# Directions for this task
Copy exactly the lines from the first line of the records below through the line containing "D2, D3, D4: BAT54; SOT23", including both, and nothing else.

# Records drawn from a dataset
------------------------------------

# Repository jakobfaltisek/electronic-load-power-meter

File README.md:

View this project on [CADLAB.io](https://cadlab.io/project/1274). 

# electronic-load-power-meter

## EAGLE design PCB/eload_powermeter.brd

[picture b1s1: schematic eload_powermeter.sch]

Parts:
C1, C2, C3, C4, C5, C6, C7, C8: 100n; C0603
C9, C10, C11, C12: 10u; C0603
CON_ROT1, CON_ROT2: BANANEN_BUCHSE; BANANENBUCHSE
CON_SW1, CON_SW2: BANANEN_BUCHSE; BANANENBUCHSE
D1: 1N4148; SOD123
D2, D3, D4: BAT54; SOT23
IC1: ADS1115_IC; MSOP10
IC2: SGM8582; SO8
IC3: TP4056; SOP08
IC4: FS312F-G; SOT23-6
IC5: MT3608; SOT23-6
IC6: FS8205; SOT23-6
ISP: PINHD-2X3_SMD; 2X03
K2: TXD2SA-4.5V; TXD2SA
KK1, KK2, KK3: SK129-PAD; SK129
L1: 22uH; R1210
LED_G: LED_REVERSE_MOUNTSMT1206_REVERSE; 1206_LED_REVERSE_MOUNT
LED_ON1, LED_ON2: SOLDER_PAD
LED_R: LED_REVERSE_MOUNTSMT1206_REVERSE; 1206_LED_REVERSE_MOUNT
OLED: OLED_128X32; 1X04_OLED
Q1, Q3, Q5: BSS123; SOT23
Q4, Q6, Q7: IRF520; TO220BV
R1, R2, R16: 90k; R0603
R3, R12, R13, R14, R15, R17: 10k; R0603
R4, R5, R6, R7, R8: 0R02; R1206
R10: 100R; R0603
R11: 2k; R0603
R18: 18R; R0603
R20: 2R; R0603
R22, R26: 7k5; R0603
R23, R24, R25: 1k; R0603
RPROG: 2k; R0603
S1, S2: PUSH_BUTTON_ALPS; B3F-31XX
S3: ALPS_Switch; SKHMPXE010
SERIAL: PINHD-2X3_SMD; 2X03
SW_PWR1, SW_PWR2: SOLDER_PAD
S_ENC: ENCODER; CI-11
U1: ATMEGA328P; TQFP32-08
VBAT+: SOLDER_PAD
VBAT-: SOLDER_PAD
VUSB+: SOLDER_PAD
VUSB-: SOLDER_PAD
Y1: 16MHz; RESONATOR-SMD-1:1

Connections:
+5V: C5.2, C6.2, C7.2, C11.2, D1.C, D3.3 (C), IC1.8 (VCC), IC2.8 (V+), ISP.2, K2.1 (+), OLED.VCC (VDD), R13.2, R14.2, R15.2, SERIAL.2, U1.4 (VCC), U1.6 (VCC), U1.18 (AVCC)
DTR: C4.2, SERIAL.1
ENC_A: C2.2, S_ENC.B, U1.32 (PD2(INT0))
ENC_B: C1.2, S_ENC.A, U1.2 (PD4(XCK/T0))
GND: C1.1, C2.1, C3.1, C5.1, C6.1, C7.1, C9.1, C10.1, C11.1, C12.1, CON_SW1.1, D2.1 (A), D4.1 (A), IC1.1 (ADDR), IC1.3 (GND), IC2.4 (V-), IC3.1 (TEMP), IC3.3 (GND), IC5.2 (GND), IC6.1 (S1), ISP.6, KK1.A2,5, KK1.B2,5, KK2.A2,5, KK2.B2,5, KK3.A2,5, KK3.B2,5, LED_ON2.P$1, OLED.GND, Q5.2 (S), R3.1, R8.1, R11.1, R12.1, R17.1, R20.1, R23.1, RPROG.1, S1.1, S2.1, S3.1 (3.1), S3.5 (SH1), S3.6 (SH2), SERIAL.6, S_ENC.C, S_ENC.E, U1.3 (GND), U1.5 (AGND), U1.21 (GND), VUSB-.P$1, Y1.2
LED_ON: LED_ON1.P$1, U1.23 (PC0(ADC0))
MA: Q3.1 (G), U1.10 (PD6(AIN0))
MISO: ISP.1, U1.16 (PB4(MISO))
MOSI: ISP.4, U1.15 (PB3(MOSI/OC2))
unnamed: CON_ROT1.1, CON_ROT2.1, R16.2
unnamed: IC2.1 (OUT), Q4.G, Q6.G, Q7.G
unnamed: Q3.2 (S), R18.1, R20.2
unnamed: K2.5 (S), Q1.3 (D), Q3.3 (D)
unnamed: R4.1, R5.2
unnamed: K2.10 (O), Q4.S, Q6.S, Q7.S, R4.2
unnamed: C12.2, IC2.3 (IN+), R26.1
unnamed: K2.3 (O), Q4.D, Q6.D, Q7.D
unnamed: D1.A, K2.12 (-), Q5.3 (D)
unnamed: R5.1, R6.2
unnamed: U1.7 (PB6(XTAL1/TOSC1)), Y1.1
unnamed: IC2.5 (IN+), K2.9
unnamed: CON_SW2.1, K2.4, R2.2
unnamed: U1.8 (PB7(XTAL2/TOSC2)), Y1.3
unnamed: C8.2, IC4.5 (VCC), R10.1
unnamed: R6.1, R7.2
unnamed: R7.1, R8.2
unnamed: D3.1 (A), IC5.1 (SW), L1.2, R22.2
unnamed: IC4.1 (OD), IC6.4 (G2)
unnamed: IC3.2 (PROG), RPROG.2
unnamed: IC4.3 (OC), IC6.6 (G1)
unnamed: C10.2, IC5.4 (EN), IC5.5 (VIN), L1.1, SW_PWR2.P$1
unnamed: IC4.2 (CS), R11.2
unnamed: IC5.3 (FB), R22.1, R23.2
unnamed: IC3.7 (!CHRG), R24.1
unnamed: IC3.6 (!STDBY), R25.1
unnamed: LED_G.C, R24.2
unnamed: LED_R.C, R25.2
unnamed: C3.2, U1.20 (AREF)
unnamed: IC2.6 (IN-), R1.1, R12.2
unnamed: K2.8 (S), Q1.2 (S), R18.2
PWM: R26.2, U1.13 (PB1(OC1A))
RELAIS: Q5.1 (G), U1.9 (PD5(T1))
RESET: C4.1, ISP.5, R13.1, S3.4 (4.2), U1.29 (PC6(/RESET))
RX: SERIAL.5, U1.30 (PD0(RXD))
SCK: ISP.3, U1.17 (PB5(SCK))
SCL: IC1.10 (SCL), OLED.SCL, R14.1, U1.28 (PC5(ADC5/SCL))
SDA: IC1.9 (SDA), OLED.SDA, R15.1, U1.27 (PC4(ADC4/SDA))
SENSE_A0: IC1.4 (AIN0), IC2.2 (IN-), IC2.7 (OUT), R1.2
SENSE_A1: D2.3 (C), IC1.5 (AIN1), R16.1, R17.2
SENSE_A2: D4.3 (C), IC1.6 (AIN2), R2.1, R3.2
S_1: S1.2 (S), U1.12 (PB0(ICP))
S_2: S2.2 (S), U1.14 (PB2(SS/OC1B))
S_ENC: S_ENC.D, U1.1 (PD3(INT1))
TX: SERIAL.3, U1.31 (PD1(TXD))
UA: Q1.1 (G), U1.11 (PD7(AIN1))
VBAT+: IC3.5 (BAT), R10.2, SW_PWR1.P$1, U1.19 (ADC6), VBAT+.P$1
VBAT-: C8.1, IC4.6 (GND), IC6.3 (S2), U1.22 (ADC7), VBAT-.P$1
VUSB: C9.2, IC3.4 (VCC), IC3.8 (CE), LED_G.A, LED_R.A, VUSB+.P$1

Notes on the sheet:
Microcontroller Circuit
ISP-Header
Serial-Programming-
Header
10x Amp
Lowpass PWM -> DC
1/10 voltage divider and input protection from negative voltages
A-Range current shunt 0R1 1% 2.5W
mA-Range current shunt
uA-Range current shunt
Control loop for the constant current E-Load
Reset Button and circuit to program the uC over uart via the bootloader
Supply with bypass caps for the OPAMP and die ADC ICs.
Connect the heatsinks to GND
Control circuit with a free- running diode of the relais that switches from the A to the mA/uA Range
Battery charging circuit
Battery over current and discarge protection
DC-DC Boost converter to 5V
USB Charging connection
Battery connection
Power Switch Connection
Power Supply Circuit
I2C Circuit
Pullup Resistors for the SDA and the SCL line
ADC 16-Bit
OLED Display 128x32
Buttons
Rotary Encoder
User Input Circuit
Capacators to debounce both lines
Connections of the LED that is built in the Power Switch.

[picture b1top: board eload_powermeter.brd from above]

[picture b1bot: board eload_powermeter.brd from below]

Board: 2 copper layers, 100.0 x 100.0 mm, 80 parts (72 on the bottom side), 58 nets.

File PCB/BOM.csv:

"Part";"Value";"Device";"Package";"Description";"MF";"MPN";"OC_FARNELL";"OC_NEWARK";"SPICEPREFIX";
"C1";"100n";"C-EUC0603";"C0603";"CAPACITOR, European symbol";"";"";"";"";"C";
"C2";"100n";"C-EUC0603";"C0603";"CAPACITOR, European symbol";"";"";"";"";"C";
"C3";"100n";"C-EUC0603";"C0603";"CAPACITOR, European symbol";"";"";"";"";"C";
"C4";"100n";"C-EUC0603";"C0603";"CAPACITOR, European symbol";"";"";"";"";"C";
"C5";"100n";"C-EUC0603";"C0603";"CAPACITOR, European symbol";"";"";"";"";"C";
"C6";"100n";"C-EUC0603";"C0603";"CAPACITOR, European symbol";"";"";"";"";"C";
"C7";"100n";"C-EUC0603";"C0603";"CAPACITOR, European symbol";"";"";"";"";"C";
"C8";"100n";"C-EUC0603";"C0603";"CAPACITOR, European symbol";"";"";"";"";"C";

------------------------------------

# Reply to the exercise
# Repository jakobfaltisek/electronic-load-power-meter

File README.md:

View this project on [CADLAB.io](https://cadlab.io/project/1274). 

# electronic-load-power-meter

## EAGLE design PCB/eload_powermeter.brd

[picture b1s1: schematic eload_powermeter.sch]

Parts:
C1, C2, C3, C4, C5, C6, C7, C8: 100n; C0603
C9, C10, C11, C12: 10u; C0603
CON_ROT1, CON_ROT2: BANANEN_BUCHSE; BANANENBUCHSE
CON_SW1, CON_SW2: BANANEN_BUCHSE; BANANENBUCHSE
D1: 1N4148; SOD123
D2, D3, D4: BAT54; SOT23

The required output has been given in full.